16. The distributed speech recognition method of claim 15, wherein the terminal uses a speaker adaptive acoustic model or an environmentally adaptive acoustic model.

17. The distributed speech recognition method of claim 15, wherein the phonemic decoding of the feature vector includes extracting the feature vector from the speech signal, and decoding the extracted feature vector into the sequence of phonemes and providing the sequence of phonemes to the server.

18. The distributed speech recognition method of claim 15, wherein the generating of the final recognition result includes matching the recognized sequence of phonemes provided from the server with a sequence of phonemes that is registered in a word list and calculating a matching score of a matching result and providing the terminal with the final recognition result according to the matching score.

19. A distributed speech recognition method comprising:

decoding a feature vector that is extracted from an input speech signal into a recognized sequence of phonemes by using a terminal;

receiving the recognized sequence of phonemes from the server and generating a candidate list by performing symbol matching on the recognized sequence of phonemes by using a server; and

generating a final recognition result by rescoring the candidate list, which has been generated in the server, by using the terminal.

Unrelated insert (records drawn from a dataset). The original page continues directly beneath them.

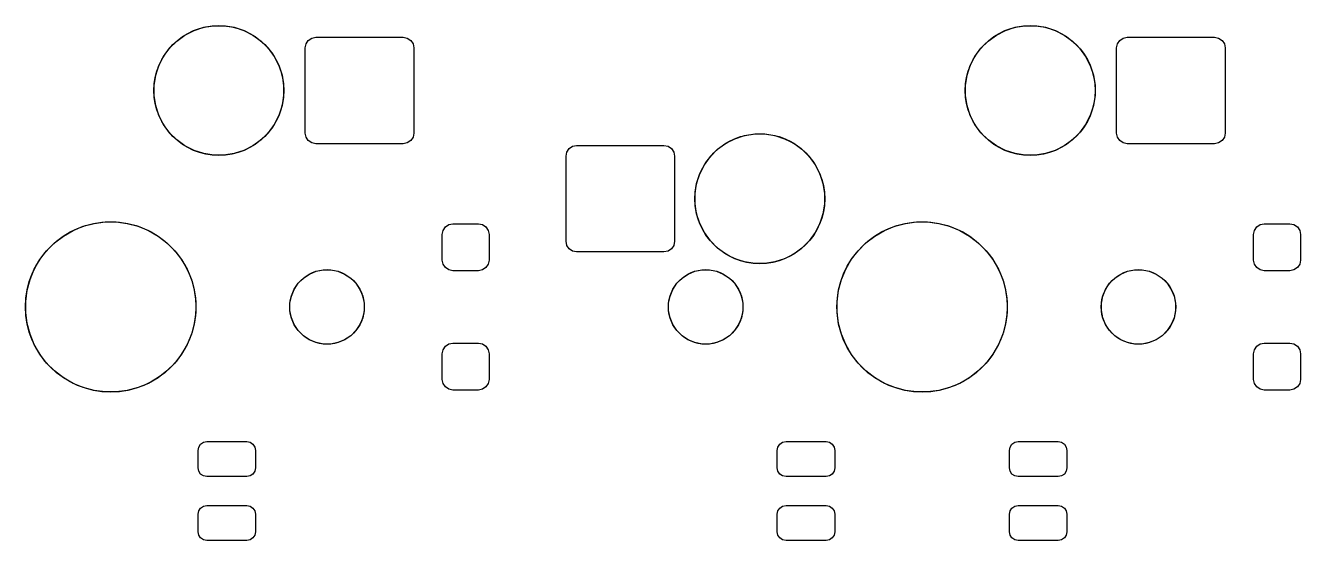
# Model space of a CAD drawing. Header units: millimetres. Extents: x 21 to 415, y -164 to -17.
# Drawn here: x 198.54 to 228.47, y -84.56 to -72.48 of the extents above; entities that cross this region are included whole.
import ezdxf

# ---------------------------------------------------------------- set-up
doc = ezdxf.new("R2010")
doc.units = ezdxf.units.MM
doc.layers.add('B.Mask', color=4, linetype='CONTINUOUS', true_color=0x02ffee)

msp = doc.modelspace()

# ---------------------------------------------------------------- linework, layer by layer
at = {"layer": 'B.Mask', "linetype": 'CONTINUOUS'}
for p, q in [((202.088967, -72.842256), (202.282565, -72.701599)), ((202.282565, -72.701599), (202.495783, -72.592959)), ((202.495783, -72.592959), (202.723371, -72.519011)), ((202.723371, -72.519011), (202.959725, -72.481576)), ((202.959725, -72.481576), (203.199025, -72.481576)), ((203.199025, -72.481576), (203.435379, -72.519011)), ((203.435379, -72.519011), (203.662967, -72.592959)), ((203.662967, -72.592959), (203.876185, -72.701599)), ((203.876185, -72.701599), (204.069783, -72.842256)), ((221.138967, -72.842256), (221.332565, -72.701599)), ((221.332565, -72.701599), (221.545783, -72.592959)), ((221.545783, -72.592959), (221.773371, -72.519011)), ((221.773371, -72.519011), (222.009725, -72.481576)), ((222.009725, -72.481576), (222.249025, -72.481576)), ((222.249025, -72.481576), (222.485379, -72.519011)), ((222.485379, -72.519011), (222.712967, -72.592959)), ((222.712967, -72.592959), (222.926185, -72.701599)), ((222.926185, -72.701599), (223.119783, -72.842256)), ((201.779099, -73.205065), (201.919756, -73.011467)), ((201.919756, -73.011467), (202.088967, -72.842256)), ((204.069783, -72.842256), (204.238994, -73.011467)), ((204.238994, -73.011467), (204.379651, -73.205065)), ((205.106375, -73.001875), (205.125405, -72.906204)), ((205.106375, -75.001875), (205.106375, -73.001875)), ((205.125405, -72.906204), (205.179598, -72.825098)), ((205.179598, -72.825098), (205.260704, -72.770905)), ((205.260704, -72.770905), (205.356375, -72.751875)), ((205.356375, -72.751875), (207.406375, -72.751875)), ((207.406375, -72.751875), (207.502046, -72.770905)), ((207.502046, -72.770905), (207.583152, -72.825098)), ((207.583152, -72.825098), (207.637345, -72.906204)), ((207.637345, -72.906204), (207.656375, -73.001875)), ((207.656375, -73.001875), (207.656375, -75.001875)), ((220.829099, -73.205065), (220.969756, -73.011467)), ((220.969756, -73.011467), (221.138967, -72.842256)), ((223.119783, -72.842256), (223.288994, -73.011467)), ((223.288994, -73.011467), (223.429651, -73.205065)), ((224.156375, -73.001875), (224.175405, -72.906204)), ((224.156375, -75.001875), (224.156375, -73.001875)), ((224.175405, -72.906204), (224.229598, -72.825098)), ((224.229598, -72.825098), (224.310704, -72.770905)), ((224.310704, -72.770905), (224.406375, -72.751875)), ((224.406375, -72.751875), (226.456375, -72.751875)), ((226.456375, -72.751875), (226.552046, -72.770905)), ((226.552046, -72.770905), (226.633152, -72.825098)), ((226.633152, -72.825098), (226.687345, -72.906204)), ((226.687345, -72.906204), (226.706375, -73.001875)), ((226.706375, -73.001875), (226.706375, -75.001875)), ((201.670459, -73.418283), (201.779099, -73.205065)), ((204.379651, -73.205065), (204.488291, -73.418283)), ((220.720459, -73.418283), (220.829099, -73.205065)), ((223.429651, -73.205065), (223.538291, -73.418283)), ((201.596511, -73.645871), (201.670459, -73.418283)), ((204.488291, -73.418283), (204.562239, -73.645871)), ((220.646511, -73.645871), (220.720459, -73.418283)), ((223.538291, -73.418283), (223.612239, -73.645871)), ((201.559076, -73.882225), (201.596511, -73.645871)), ((201.559076, -74.121525), (201.559076, -73.882225)), ((204.562239, -73.645871), (204.599674, -73.882225)), ((204.599674, -73.882225), (204.599674, -74.121525)), ((220.609076, -73.882225), (220.646511, -73.645871)), ((220.609076, -74.121525), (220.609076, -73.882225)), ((223.612239, -73.645871), (223.649674, -73.882225)), ((223.649674, -73.882225), (223.649674, -74.121525)), ((201.596511, -74.357879), (201.559076, -74.121525)), ((204.599674, -74.121525), (204.562239, -74.357879)), ((220.646511, -74.357879), (220.609076, -74.121525)), ((223.649674, -74.121525), (223.612239, -74.357879)), ((201.670459, -74.585467), (201.596511, -74.357879)), ((204.562239, -74.357879), (204.488291, -74.585467)), ((220.720459, -74.585467), (220.646511, -74.357879)), ((223.612239, -74.357879), (223.538291, -74.585467)), ((201.779099, -74.798685), (201.670459, -74.585467)), ((201.919756, -74.992283), (201.779099, -74.798685)), ((204.379651, -74.798685), (204.238994, -74.992283)), ((204.488291, -74.585467), (204.379651, -74.798685)), ((220.829099, -74.798685), (220.720459, -74.585467)), ((220.969756, -74.992283), (220.829099, -74.798685)), ((223.429651, -74.798685), (223.288994, -74.992283)), ((223.538291, -74.585467), (223.429651, -74.798685)), ((202.088967, -75.161494), (201.919756, -74.992283)), ((204.238994, -74.992283), (204.069783, -75.161494)), ((205.125405, -75.097546), (205.106375, -75.001875)), ((205.179598, -75.178652), (205.125405, -75.097546)), ((207.637345, -75.097546), (207.583152, -75.178652)), ((207.656375, -75.001875), (207.637345, -75.097546)), ((214.982565, -75.241599), (215.195783, -75.132959)), ((215.195783, -75.132959), (215.423371, -75.059011)), ((215.423371, -75.059011), (215.659725, -75.021576)), ((215.659725, -75.021576), (215.899025, -75.021576)), ((215.899025, -75.021576), (216.135379, -75.059011)), ((216.135379, -75.059011), (216.362967, -75.132959)), ((216.362967, -75.132959), (216.576185, -75.241599)), ((221.138967, -75.161494), (220.969756, -74.992283)), ((223.288994, -74.992283), (223.119783, -75.161494)), ((224.175405, -75.097546), (224.156375, -75.001875)), ((224.229598, -75.178652), (224.175405, -75.097546)), ((226.687345, -75.097546), (226.633152, -75.178652)), ((226.706375, -75.001875), (226.687345, -75.097546)), ((202.282565, -75.302151), (202.088967, -75.161494)), ((202.495783, -75.410791), (202.282565, -75.302151)), ((202.723371, -75.484739), (202.495783, -75.410791)), ((203.662967, -75.410791), (203.435379, -75.484739)), ((203.876185, -75.302151), (203.662967, -75.410791)), ((204.069783, -75.161494), (203.876185, -75.302151)), ((205.260704, -75.232845), (205.179598, -75.178652)), ((205.356375, -75.251875), (205.260704, -75.232845)), ((207.406375, -75.251875), (205.356375, -75.251875)), ((207.502046, -75.232845), (207.406375, -75.251875)), ((207.583152, -75.178652), (207.502046, -75.232845)), ((211.248405, -75.446204), (211.302598, -75.365098)), ((211.302598, -75.365098), (211.383704, -75.310905)), ((211.383704, -75.310905), (211.479375, -75.291875)), ((211.479375, -75.291875), (213.529375, -75.291875)), ((213.529375, -75.291875), (213.625046, -75.310905)), ((213.625046, -75.310905), (213.706152, -75.365098)), ((213.706152, -75.365098), (213.760345, -75.446204)), ((214.619756, -75.551467), (214.788967, -75.382256)), ((214.788967, -75.382256), (214.982565, -75.241599)), ((216.576185, -75.241599), (216.769783, -75.382256)), ((216.769783, -75.382256), (216.938994, -75.551467)), ((221.332565, -75.302151), (221.138967, -75.161494)), ((221.545783, -75.410791), (221.332565, -75.302151)), ((221.773371, -75.484739), (221.545783, -75.410791)), ((222.712967, -75.410791), (222.485379, -75.484739)), ((222.926185, -75.302151), (222.712967, -75.410791)), ((223.119783, -75.161494), (222.926185, -75.302151)), ((224.310704, -75.232845), (224.229598, -75.178652)), ((224.406375, -75.251875), (224.310704, -75.232845)), ((226.456375, -75.251875), (224.406375, -75.251875)), ((226.552046, -75.232845), (226.456375, -75.251875)), ((226.633152, -75.178652), (226.552046, -75.232845)), ((202.959725, -75.522174), (202.723371, -75.484739)), ((203.199025, -75.522174), (202.959725, -75.522174)), ((203.435379, -75.484739), (203.199025, -75.522174)), ((211.229375, -75.541875), (211.248405, -75.446204)), ((211.229375, -77.541875), (211.229375, -75.541875)), ((213.760345, -75.446204), (213.779375, -75.541875)), ((213.779375, -75.541875), (213.779375, -77.541875)), ((214.479099, -75.745065), (214.619756, -75.551467)), ((216.938994, -75.551467), (217.079651, -75.745065)), ((222.009725, -75.522174), (221.773371, -75.484739)), ((222.249025, -75.522174), (222.009725, -75.522174)), ((222.485379, -75.484739), (222.249025, -75.522174)), ((214.296511, -76.185871), (214.370459, -75.958283)), ((214.370459, -75.958283), (214.479099, -75.745065)), ((217.079651, -75.745065), (217.188291, -75.958283)), ((217.188291, -75.958283), (217.262239, -76.185871)), ((214.259076, -76.422225), (214.296511, -76.185871)), ((217.262239, -76.185871), (217.299674, -76.422225)), ((214.259076, -76.661525), (214.259076, -76.422225)), ((217.299674, -76.422225), (217.299674, -76.661525)), ((214.296511, -76.897879), (214.259076, -76.661525)), ((214.370459, -77.125467), (214.296511, -76.897879)), ((217.262239, -76.897879), (217.188291, -77.125467)), ((217.299674, -76.661525), (217.262239, -76.897879)), ((199.654798, -77.28813), (199.896496, -77.188015)), ((199.896496, -77.188015), (200.149194, -77.120304)), ((200.149194, -77.120304), (200.408569, -77.086157)), ((200.408569, -77.086157), (200.670181, -77.086157)), ((200.670181, -77.086157), (200.929556, -77.120304)), ((200.929556, -77.120304), (201.182254, -77.188015)), ((201.182254, -77.188015), (201.423952, -77.28813)), ((208.34278, -77.286204), (208.396973, -77.205098)), ((208.396973, -77.205098), (208.478079, -77.150905)), ((208.478079, -77.150905), (208.57375, -77.131875)), ((208.57375, -77.131875), (209.17375, -77.131875)), ((209.17375, -77.131875), (209.269421, -77.150905)), ((209.269421, -77.150905), (209.350527, -77.205098)), ((209.350527, -77.205098), (209.40472, -77.286204)), ((214.479099, -77.338685), (214.370459, -77.125467)), ((217.188291, -77.125467), (217.079651, -77.338685)), ((218.704798, -77.28813), (218.946496, -77.188015)), ((218.946496, -77.188015), (219.199194, -77.120304)), ((219.199194, -77.120304), (219.458569, -77.086157)), ((219.458569, -77.086157), (219.720181, -77.086157)), ((219.720181, -77.086157), (219.979556, -77.120304)), ((219.979556, -77.120304), (220.232254, -77.188015)), ((220.232254, -77.188015), (220.473952, -77.28813)), ((227.39278, -77.286204), (227.446973, -77.205098)), ((227.446973, -77.205098), (227.528079, -77.150905)), ((227.528079, -77.150905), (227.62375, -77.131875)), ((227.62375, -77.131875), (228.22375, -77.131875)), ((228.22375, -77.131875), (228.319421, -77.150905)), ((228.319421, -77.150905), (228.400527, -77.205098)), ((228.400527, -77.205098), (228.45472, -77.286204)), ((199.220683, -77.578195), (199.428235, -77.418936)), ((199.428235, -77.418936), (199.654798, -77.28813)), ((201.423952, -77.28813), (201.650515, -77.418936)), ((201.650515, -77.418936), (201.858067, -77.578195)), ((208.32375, -77.381875), (208.34278, -77.286204)), ((208.32375, -77.981875), (208.32375, -77.381875)), ((209.40472, -77.286204), (209.42375, -77.381875)), ((209.42375, -77.381875), (209.42375, -77.981875)), ((214.619756, -77.532283), (214.479099, -77.338685)), ((217.079651, -77.338685), (216.938994, -77.532283)), ((218.270683, -77.578195), (218.478235, -77.418936)), ((218.478235, -77.418936), (218.704798, -77.28813)), ((220.473952, -77.28813), (220.700515, -77.418936)), ((220.700515, -77.418936), (220.908067, -77.578195)), ((227.37375, -77.381875), (227.39278, -77.286204)), ((227.37375, -77.981875), (227.37375, -77.381875)), ((228.45472, -77.286204), (228.47375, -77.381875)), ((228.47375, -77.381875), (228.47375, -77.981875)), ((198.876436, -77.970735), (199.035695, -77.763183)), ((199.035695, -77.763183), (199.220683, -77.578195)), ((201.858067, -77.578195), (202.043055, -77.763183)), ((202.043055, -77.763183), (202.202314, -77.970735)), ((211.248405, -77.637546), (211.229375, -77.541875)), ((211.302598, -77.718652), (211.248405, -77.637546)), ((211.383704, -77.772845), (211.302598, -77.718652)), ((211.479375, -77.791875), (211.383704, -77.772845)), ((213.529375, -77.791875), (211.479375, -77.791875)), ((213.625046, -77.772845), (213.529375, -77.791875)), ((213.706152, -77.718652), (213.625046, -77.772845)), ((213.760345, -77.637546), (213.706152, -77.718652)), ((213.779375, -77.541875), (213.760345, -77.637546)), ((214.788967, -77.701494), (214.619756, -77.532283)), ((214.982565, -77.842151), (214.788967, -77.701494)), ((216.769783, -77.701494), (216.576185, -77.842151)), ((216.938994, -77.532283), (216.769783, -77.701494)), ((217.926436, -77.970735), (218.085695, -77.763183)), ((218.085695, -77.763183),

20. The distributed speech recognition method of claim 19, wherein the terminal uses a speaker adaptive acoustic model or an environmentally adaptive acoustic model.

21. The distributed speech recognition method of claim 19, wherein the phonemic decoding of the feature vector includes extracting the feature vector from the speech signal, and decoding the extracted feature vector into the sequence of phonemes and providing the sequence of phonemes to the server.

22. The distributed speech recognition method of claim 19, wherein the generating of the candidate list includes matching the recognized sequence of phonemes provided from the server with a sequence of phonemes that is registered in a word list and calculating a matching score of a matching result and providing the terminal with the candidate list according to the matching score.

23. A computer readable recording medium having embodied thereon a computer program for executing a distributed speech recognition method of claim 15.

24. A computer readable recording medium having embodied thereon a computer program for executing a distributed speech recognition method of claim 19.